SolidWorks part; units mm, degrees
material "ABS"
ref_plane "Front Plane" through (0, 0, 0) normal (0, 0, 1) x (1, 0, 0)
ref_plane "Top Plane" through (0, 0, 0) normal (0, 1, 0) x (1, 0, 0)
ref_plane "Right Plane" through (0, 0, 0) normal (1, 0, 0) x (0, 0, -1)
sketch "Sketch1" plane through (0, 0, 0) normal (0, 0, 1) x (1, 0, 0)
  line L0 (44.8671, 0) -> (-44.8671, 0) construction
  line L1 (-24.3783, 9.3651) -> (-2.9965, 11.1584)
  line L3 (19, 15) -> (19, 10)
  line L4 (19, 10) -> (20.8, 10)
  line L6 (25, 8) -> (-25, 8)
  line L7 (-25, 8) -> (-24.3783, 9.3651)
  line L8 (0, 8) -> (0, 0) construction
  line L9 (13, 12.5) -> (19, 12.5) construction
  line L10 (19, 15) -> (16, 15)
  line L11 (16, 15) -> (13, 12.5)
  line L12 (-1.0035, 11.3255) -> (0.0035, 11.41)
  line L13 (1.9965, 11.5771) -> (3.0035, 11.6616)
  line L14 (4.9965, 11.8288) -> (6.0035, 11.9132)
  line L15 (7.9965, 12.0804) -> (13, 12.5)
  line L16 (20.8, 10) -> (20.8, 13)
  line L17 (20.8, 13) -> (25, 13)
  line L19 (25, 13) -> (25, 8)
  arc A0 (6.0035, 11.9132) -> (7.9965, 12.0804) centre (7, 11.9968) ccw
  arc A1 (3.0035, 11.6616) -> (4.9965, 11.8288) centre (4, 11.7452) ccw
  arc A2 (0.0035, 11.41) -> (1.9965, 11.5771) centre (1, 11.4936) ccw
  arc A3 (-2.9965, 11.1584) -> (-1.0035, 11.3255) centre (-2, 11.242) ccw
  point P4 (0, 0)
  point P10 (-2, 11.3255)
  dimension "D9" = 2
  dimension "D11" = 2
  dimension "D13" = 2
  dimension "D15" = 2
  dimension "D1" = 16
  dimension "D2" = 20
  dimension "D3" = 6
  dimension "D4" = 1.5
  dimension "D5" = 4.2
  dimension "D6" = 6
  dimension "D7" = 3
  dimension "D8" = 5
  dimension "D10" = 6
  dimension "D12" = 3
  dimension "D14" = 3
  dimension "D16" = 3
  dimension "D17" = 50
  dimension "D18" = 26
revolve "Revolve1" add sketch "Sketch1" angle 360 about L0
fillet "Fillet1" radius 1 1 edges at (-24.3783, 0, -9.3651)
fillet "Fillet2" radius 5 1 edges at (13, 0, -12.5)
____________
**What to produce:**
Could you set down, word for word, only the lines above from the line with "0) x (0, 0, -1)" to the line with "line L9 (13, 12.5)", including both?

**Answer for this exercise:**
ref_plane "Right Plane" through (0, 0, 0) normal (1, 0, 0) x (0, 0, -1)
sketch "Sketch1" plane through (0, 0, 0) normal (0, 0, 1) x (1, 0, 0)
  line L0 (44.8671, 0) -> (-44.8671, 0) construction
  line L1 (-24.3783, 9.3651) -> (-2.9965, 11.1584)
  line L3 (19, 15) -> (19, 10)
  line L4 (19, 10) -> (20.8, 10)
  line L6 (25, 8) -> (-25, 8)
  line L7 (-25, 8) -> (-24.3783, 9.3651)
  line L8 (0, 8) -> (0, 0) construction
  line L9 (13, 12.5) -> (19, 12.5) construction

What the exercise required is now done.